WASHINGTON D.C.
President Joe Biden on Monday defended his decision to withdraw all American forces from Afghanistan, saying the US gave Afghans “every chance to determine their own future.”
“We could not provide them with the will to fight for that future,” the president said at the White House. “If Afghanistan is unable to mount any real resistance to the Taliban now, there is no chance that in one more year, five more years, or 20 more years, US military boots on the ground would have made any difference.”
Biden acknowledged that his administration was caught off guard by the rapid deterioration of the Afghan military but said he was confronted by a decision of whether to either follow through on an agreement former President Donald Trump made with the Taliban to pull out all American forces, or dramatically surge the number of service members there.
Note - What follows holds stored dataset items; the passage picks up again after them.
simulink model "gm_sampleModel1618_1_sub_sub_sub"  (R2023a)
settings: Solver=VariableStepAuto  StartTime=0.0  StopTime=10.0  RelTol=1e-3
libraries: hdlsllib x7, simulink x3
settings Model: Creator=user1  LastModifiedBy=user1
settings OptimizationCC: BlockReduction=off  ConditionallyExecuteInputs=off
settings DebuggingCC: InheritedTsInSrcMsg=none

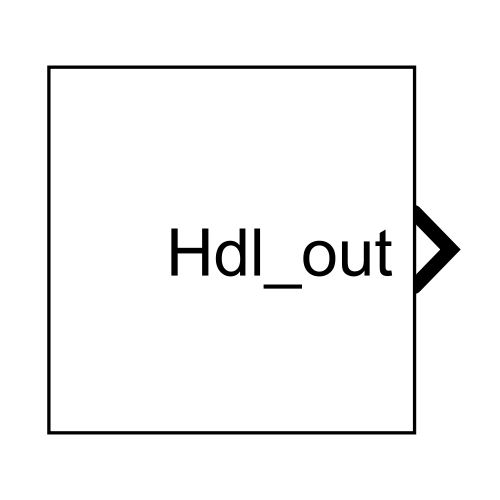
[thumbnail: Simulink's stored preview of the top-level diagram]
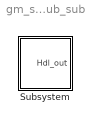
== system gm_sampleModel1618_1_sub_sub_sub ==
  Subsystem : Subsystem

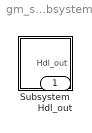
== system gm_sampleModel1618_1_sub_sub_sub/Subsystem ==
  Subsystem : Subsystem
  Hdl_out : Outport  OutDataTypeStr=uint8

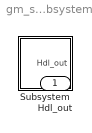
== system gm_sampleModel1618_1_sub_sub_sub/Subsystem/Subsystem ==
  Subsystem : Subsystem
  Hdl_out : Outport  OutDataTypeStr=uint8

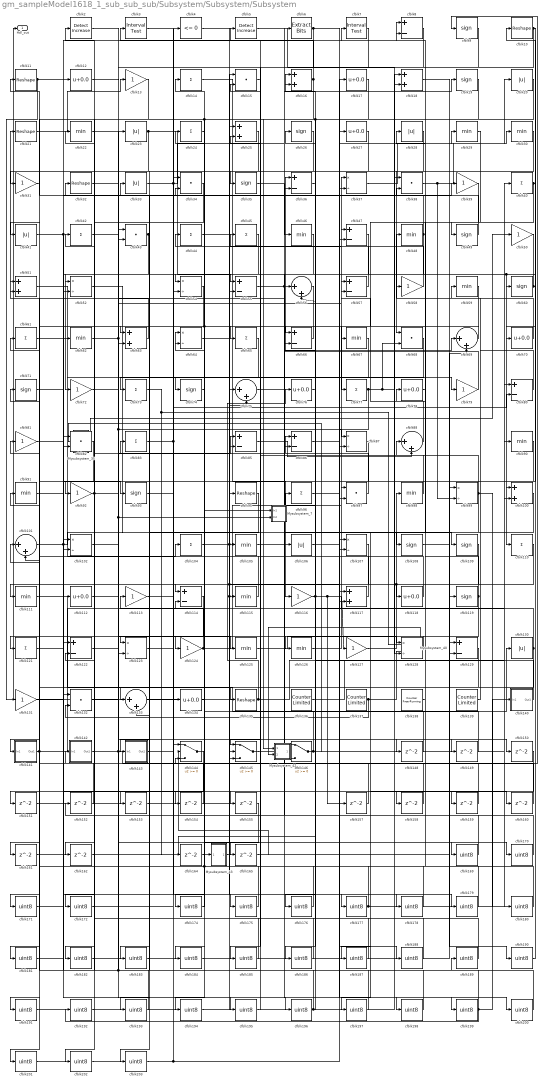
== system gm_sampleModel1618_1_sub_sub_sub/Subsystem/Subsystem/Subsystem ==
  Mysubsystem_35 : Subsystem  TreatAsAtomicUnit=on  RTWFcnName=Mysubsystem_35
      settings: RTWFcnNameOpts=User specified  RTWFileNameOpts=Use function name
  Mysubsystem_40 : Subsystem  TreatAsAtomicUnit=on  RTWFcnName=Mysubsystem_40
      settings: RTWFcnNameOpts=User specified  RTWFileNameOpts=Use function name
  Mysubsystem_42 : Subsystem  TreatAsAtomicUnit=on  RTWFcnName=Mysubsystem_42
      settings: RTWFcnNameOpts=User specified  RTWFileNameOpts=Use function name
  Mysubsystem_43 : Subsystem  TreatAsAtomicUnit=on  RTWFcnName=Mysubsystem_43
      settings: RTWFcnNameOpts=User specified  RTWFileNameOpts=Use function name
  Mysubsystem_7 : Subsystem  TreatAsAtomicUnit=on  RTWFcnName=Mysubsystem_7
      settings: RTWFcnNameOpts=User specified  RTWFileNameOpts=Use function name
  cfblk{10..11,21,32,95,135} (6 alike) : Reshape
  cfblk{16,18,25,51,63,100,117} (7 alike) : Sum  OutDataTypeStr=uint8
  cfblk{56,69,75,88,101,133} (6 alike) : Sum  Inputs=|++  OutDataTypeStr=uint8
  cfblk{37,52,54,64,87,99,102,107,123,128} (10 alike) : Product  Inputs=*/  OutDataTypeStr=uint8  RndMeth=Zero  SaturateOnIntegerOverflow=on
  cfblk{14,24,40,42,44..45,61,65,73,77,83,96,104,110,121} (15 alike) : Sum  Inputs=+  OutDataTypeStr=uint8
  cfblk{22,29..30,46,48,59,62,67,90..91,98,105,111,115,125..126} (16 alike) : MinMax  OutDataTypeStr=uint8
  cfblk{20,23,28,33,41,106,130} (7 alike) : Abs  OutDataTypeStr=uint8  SaturateOnIntegerOverflow=off
  cfblk{9,19,26,35,49,60,71,74,93,108..109,119} (12 alike) : Signum
  cfblk{12,17,27,70,76,78,112,118,134} (9 alike) : Bias  Bias=0.0  SaturateOnIntegerOverflow=off
  cfblk{13,31,39,50,58,72,79,81,92,113,116,124,127,131} (14 alike) : Gain  OutDataTypeStr=uint8
  cfblk{8,36,47,55,57,66,80,85..86,114,122,129} (12 alike) : Sum  Inputs=+-  OutDataTypeStr=uint8
  cfblk{15,34,38,43,68,82,97,132} (8 alike) : DotProduct  OutDataTypeStr=uint8
  cfblk136 : hdlsllib/Sources/Counter Limited  uplimit=7  tsamp=-1
  cfblk137 : hdlsllib/Sources/Counter Limited  uplimit=7  tsamp=-1
  cfblk138 : hdlsllib/Sources/Counter Free-Running  NumBits=16  tsamp=-1
  cfblk139 : hdlsllib/Sources/Counter Limited  uplimit=7  tsamp=-1
  cfblk140 : Subsystem
      settings: LibrarySourceBlock=|
      | hdlsllib/Ports &
      | Subsystems/Subsystem
  cfblk141 : Subsystem
      settings: LibrarySourceBlock=|
      | hdlsllib/Ports &
      | Subsystems/Subsystem
  cfblk142 : Subsystem
      settings: LibrarySourceBlock=|
      | hdlsllib/Ports &
      | Subsystems/Subsystem
  cfblk143 : Subsystem
      settings: LibrarySourceBlock=|
      | hdlsllib/Ports &
      | Subsystems/Subsystem
  cfblk144 : Switch  OutDataTypeStr=uint8  SaturateOnIntegerOverflow=off  InputSameDT=off
  cfblk145 : Switch  OutDataTypeStr=uint8  SaturateOnIntegerOverflow=off  InputSameDT=off
  cfblk146 : Switch  OutDataTypeStr=uint8  SaturateOnIntegerOverflow=off  InputSameDT=off
  cfblk{148..155,157..162,164..165} (16 alike) : Delay  SampleTime=1
  cfblk{169..172,174..203} (34 alike) : DataTypeConversion  OutDataTypeStr=uint8  SaturateOnIntegerOverflow=off  RndMeth=Floor
  cfblk2 : simulink/Logic and Bit Operations/Detect Increase  vinit=0.0  OutDataTypeStr=uint8
      settings: LibrarySourceBlock=|
      | hdlsllib/Logic and Bit
      | Operations/Detect
      | Increase
  cfblk3 : hdlsllib/Logic and Bit Operations/Interval Test  IntervalClosedRight=on  uplimit=0.5  IntervalClosedLeft=on  lowlimit=-0.5  OutDataTypeStr=uint8
  cfblk4 : hdlsllib/Logic and Bit Operations/Compare To Zero  relop=<=  OutDataTypeStr=uint8
  cfblk5 : simulink/Logic and Bit Operations/Detect Increase  vinit=0.0  OutDataTypeStr=uint8
      settings: LibrarySourceBlock=|
      | hdlsllib/Logic and Bit
      | Operations/Detect
      | Increase
  cfblk6 : simulink/Logic and Bit Operations/Extract Bits  bitsToExtract=Upper half  numBits=8  bitIdxRange=[0 7]  outScalingMode=Preserve fixed-point scaling
      settings: LibrarySourceBlock=|
      | hdlsllib/Logic and Bit
      | Operations/Extract Bits
  cfblk7 : hdlsllib/Logic and Bit Operations/Interval Test  IntervalClosedRight=on  uplimit=0.5  IntervalClosedLeft=on  lowlimit=-0.5  OutDataTypeStr=uint8
  Hdl_out : Outport  OutDataTypeStr=uint8
  wires:
  Mysubsystem_43/1(Out1) -> cfblk144/2
  Mysubsystem_42/1(Out1) -> Mysubsystem_35/1(In1)
  Mysubsystem_40/1(Out1) -> Mysubsystem_42/2(In2)
  cfblk19/1 -> Mysubsystem_42/1(In1)
  Mysubsystem_35/1(Out1) -> cfblk50/1
  cfblk203/1 -> cfblk107/2
  cfblk90/1 -> cfblk203/1
  cfblk202/1 -> cfblk107/1
  cfblk46/1 -> cfblk202/1
  cfblk201/1 -> cfblk34/1, cfblk27/1
  cfblk200/1 -> cfblk91/1
  cfblk199/1 -> cfblk192/1, cfblk189/1, cfblk140/1(In1)
  cfblk198/1 -> cfblk122/2
  cfblk197/1 -> cfblk122/1
  cfblk150/1 -> cfblk197/1
  cfblk196/1 -> cfblk33/1, cfblk26/1
  cfblk195/1 -> cfblk25/2
  cfblk162/1 -> cfblk195/1
  cfblk194/1 -> cfblk25/1
  cfblk110/1 -> cfblk194/1
  cfblk193/1 -> cfblk43/1, cfblk142/1(In1)
  cfblk192/1 -> cfblk18/2
  cfblk191/1 -> cfblk18/1
  cfblk190/1 -> cfblk10/1
  cfblk18/1 -> cfblk190/1
  cfblk189/1 -> cfblk96/1
  cfblk188/1 -> cfblk117/1
  cfblk96/1 -> cfblk188/1
  cfblk187/1 -> cfblk15/2
  cfblk186/1 -> cfblk15/1
  cfblk76/1 -> cfblk186/1
  cfblk185/1 -> cfblk152/1
  cfblk15/1 -> cfblk185/1
  cfblk184/1 -> cfblk129/2
  cfblk24/1 -> cfblk184/1
  cfblk183/1 -> cfblk129/1
  cfblk153/1 -> cfblk183/1
  cfblk182/1 -> cfblk115/1, cfblk95/1
  cfblk181/1 -> cfblk102/2
  cfblk180/1 -> cfblk102/1
  cfblk179/1 -> cfblk78/1
  cfblk102/1 -> cfblk179/1
  cfblk178/1 -> cfblk81/1
  cfblk177/1 -> cfblk32/1, cfblk40/1
  cfblk176/1 -> cfblk113/1
  cfblk67/1 -> cfblk176/1
  cfblk175/1 -> cfblk132/1, cfblk14/1
  cfblk174/1 -> cfblk144/3
  cfblk155/1 -> cfblk174/1
  cfblk172/1 -> cfblk144/1
  cfblk114/1 -> cfblk172/1
  cfblk171/1 -> cfblk82/2
  cfblk144/1 -> cfblk171/1
  cfblk170/1 -> cfblk42/1
  cfblk108/1 -> cfblk170/1
  cfblk169/1 -> cfblk146/1
  cfblk42/1 -> cfblk169/1
  cfblk165/1 -> cfblk119/1
  cfblk143/1(Out1) -> cfblk165/1
  cfblk164/1 -> cfblk47/2
  cfblk34/1 -> cfblk162/1
  cfblk161/1 -> cfblk69/2
  cfblk54/1 -> cfblk161/1
  cfblk160/1 -> cfblk82/1
  cfblk32/1 -> cfblk160/1
  cfblk159/1 -> cfblk133/2
  cfblk12/1 -> cfblk159/1
  cfblk158/1 -> cfblk64/2
  cfblk132/1 -> cfblk158/1
  cfblk157/1 -> cfblk146/2
  cfblk154/1 -> cfblk101/1
  cfblk68/1 -> cfblk154/1
  cfblk121/1 -> cfblk153/1
  cfblk152/1 -> cfblk51/2
  cfblk151/1 -> cfblk75/1
  cfblk44/1 -> cfblk150/1
  cfblk149/1 -> cfblk114/2
  cfblk112/1 -> cfblk149/1
  cfblk148/1 -> cfblk66/2
  cfblk130/1 -> cfblk86/1, cfblk181/1
  cfblk119/1 -> cfblk143/1(In1), cfblk38/2
  cfblk97/1 -> cfblk22/1
  cfblk35/1 -> cfblk46/1
  cfblk29/1 -> cfblk49/1
  cfblk113/1 -> cfblk175/1
  cfblk58/1 -> cfblk45/1
  cfblk25/1 -> cfblk193/1
  cfblk72/1 -> cfblk23/1
  cfblk95/1 -> cfblk123/1
  cfblk26/1 -> cfblk141/1(In1)
  cfblk81/1 -> cfblk177/1
  cfblk74/1 -> cfblk124/1
  cfblk142/1(Out1) -> cfblk9/1, cfblk85/1
  cfblk137/1 -> Mysubsystem_40/2(In2), cfblk132/2
  cfblk13/1 -> cfblk52/1
  cfblk55/1 -> cfblk19/1, cfblk198/1
  cfblk33/1 -> cfblk6/1, cfblk87/2
  cfblk5/1 -> cfblk128/2
  cfblk6/1 -> cfblk35/1, cfblk200/1
  cfblk82/1 -> cfblk101/2
  cfblk47/1 -> cfblk55/2
  cfblk36/1 -> cfblk16/2
  cfblk104/1 -> cfblk105/1, cfblk178/1
  cfblk64/1 -> cfblk47/1
  cfblk41/1 -> cfblk93/1, cfblk34/2
  cfblk145/1 -> cfblk97/1
  cfblk27/1 -> cfblk114/1
  cfblk85/1 -> cfblk88/2
  cfblk69/1 -> cfblk66/1
  cfblk133/1 -> cfblk39/1
  cfblk87/1 -> cfblk92/1
  cfblk62/1 -> cfblk56/1, cfblk79/1
  cfblk80/1 -> cfblk58/1
  cfblk40/1 -> cfblk67/1, cfblk70/1
  cfblk4/1 -> cfblk145/3, cfblk117/2
  cfblk140/1(Out1) -> cfblk16/1
  cfblk22/1 -> Mysubsystem_7/2(In2), cfblk148/1
  cfblk3/1 -> cfblk145/2
  cfblk117/1 -> cfblk71/1
  cfblk93/1 -> cfblk80/2
  cfblk116/1 -> cfblk127/1, cfblk157/1, cfblk56/2
  cfblk2/1 -> cfblk125/1, cfblk86/2
  cfblk128/1 -> cfblk121/1
  cfblk79/1 -> cfblk36/2
  cfblk16/1 -> cfblk3/1, cfblk135/1
  cfblk8/1 -> cfblk145/1
  cfblk7/1 -> cfblk54/2
  cfblk99/1 -> cfblk5/1, cfblk180/1, cfblk187/1
  cfblk60/1 -> cfblk54/1, cfblk100/1
  cfblk30/1 -> cfblk63/2
  cfblk73/1 -> Mysubsystem_40/1(In1), cfblk164/1
  cfblk38/1 -> cfblk20/1, cfblk99/2
  cfblk109/1 -> cfblk118/1, cfblk123/2
  cfblk21/1 -> cfblk13/1
  cfblk9/1 -> cfblk65/1
  cfblk43/1 -> cfblk73/1, cfblk52/2
  cfblk131/1 -> cfblk62/1
  cfblk49/1 -> cfblk36/1
  cfblk136/1 -> cfblk80/1
  cfblk70/1 -> cfblk48/1
  cfblk75/1 -> cfblk69/1
  cfblk65/1 -> cfblk133/1
  cfblk134/1 -> cfblk24/1
  cfblk105/1 -> cfblk7/1
  cfblk123/1 -> cfblk4/1
  cfblk106/1 -> cfblk30/1
  cfblk100/1 -> cfblk106/1
  cfblk118/1 -> cfblk51/1
  cfblk31/1 -> cfblk111/1
  cfblk107/1 -> cfblk201/1
  cfblk20/1 -> Mysubsystem_7/1(In1), cfblk41/1
  cfblk51/1 -> cfblk75/2
  cfblk83/1 -> cfblk87/1, cfblk155/1
  cfblk39/1 -> cfblk108/1
  cfblk122/1 -> cfblk196/1
  cfblk141/1(Out1) -> cfblk90/1, cfblk191/1
  cfblk139/1 -> cfblk59/1
  cfblk125/1 -> cfblk128/1
  cfblk77/1 -> cfblk38/1, cfblk68/2, cfblk97/2
  cfblk91/1 -> cfblk199/1
  cfblk138/1 -> cfblk8/1
  cfblk66/1 -> cfblk63/1
  cfblk17/1 -> Mysubsystem_43/1(In1), cfblk85/2
  cfblk71/1 -> cfblk112/1
  cfblk37/1 -> cfblk29/1
  cfblk10/1 -> cfblk60/1, cfblk43/2
  cfblk88/1 -> cfblk57/1
  cfblk57/1 -> cfblk44/1
  cfblk48/1 -> cfblk11/1, cfblk126/1
  cfblk92/1 -> cfblk2/1, cfblk57/2
  cfblk52/1 -> cfblk134/1
  cfblk78/1 -> cfblk28/1
  cfblk86/1 -> cfblk17/1
  cfblk23/1 -> cfblk55/1, cfblk31/1
  cfblk146/1 -> cfblk64/1, cfblk100/2
  cfblk45/1 -> cfblk72/1
  cfblk98/1 -> cfblk88/1
  cfblk115/1 -> cfblk61/1
  cfblk124/1 -> cfblk37/2, cfblk83/1
  cfblk56/1 -> cfblk74/1, cfblk151/1
  cfblk101/1 -> cfblk109/1, cfblk8/2
  cfblk50/1 -> cfblk110/1, cfblk146/3
  cfblk11/1 -> cfblk131/1, cfblk12/1
  cfblk59/1 -> cfblk77/1
  cfblk127/1 -> cfblk98/1
  cfblk14/1 -> cfblk116/1
  cfblk61/1 -> cfblk104/1
  cfblk111/1 -> cfblk130/1
  cfblk135/1 -> cfblk76/1, cfblk99/1, Hdl_out/1
  cfblk126/1 -> cfblk37/1
  cfblk28/1 -> cfblk68/1
  cfblk129/1 -> cfblk182/1
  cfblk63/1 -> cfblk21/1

“There was no status quo of stability without American casualties after May 1. There was only the core reality of either following through on the agreement to withdraw our forces, or escalating the conflict and sending thousands more American troops back into combat in Afghanistan, lurching into the third decade of conflict,” he said.
He was referring to the original May 1 date negotiated by Trump for the US withdrawal to be completed, a deadline that came and went as Biden unilaterally extended it to allow for what his administration had billed as an orderly exit.
The Taliban have rapidly taken Afghanistan in a lightning offensive that blindsided Western powers as government forces melted away. The capital Kabul fell to the group on Sunday after the Afghan government collapsed amid the Taliban’s dizzying advances that prompted former President Ashraf Ghani to leave the country.
Following his departure, former President Hamid Karzai, veteran politician Gulbuddin Hekmatyar and top peace negotiator Abdullah Abdullah have been working to ensure a smooth transfer of power.
Biden has faced criticism from both Democrats and Republicans over the pace of the effort to evacuate Afghans who aided the US and their families during the course of the two-decade old conflict. Just about 2,000 have been relocated out of a pool that included over 20,000 people before the administration expanded the list of those who are eligible.
The president said the former Afghan government urged him not to organize the mass exodus earlier, because they said it would have triggered “a crisis of confidence” amid the US withdrawal.
Biden has authorized some 6,000 American troops to be sent to Kabul’s Hamid Karzai International Airport to assist with the evacuation of Afghan refugees and American diplomatic personnel, and he warned the Taliban that if they interfere, they will face a swift reckoning.
“If they attack our personnel, or disrupt our operation, the US response will be swift and forceful,” he said. “We will defend our people with devastating force if necessary.”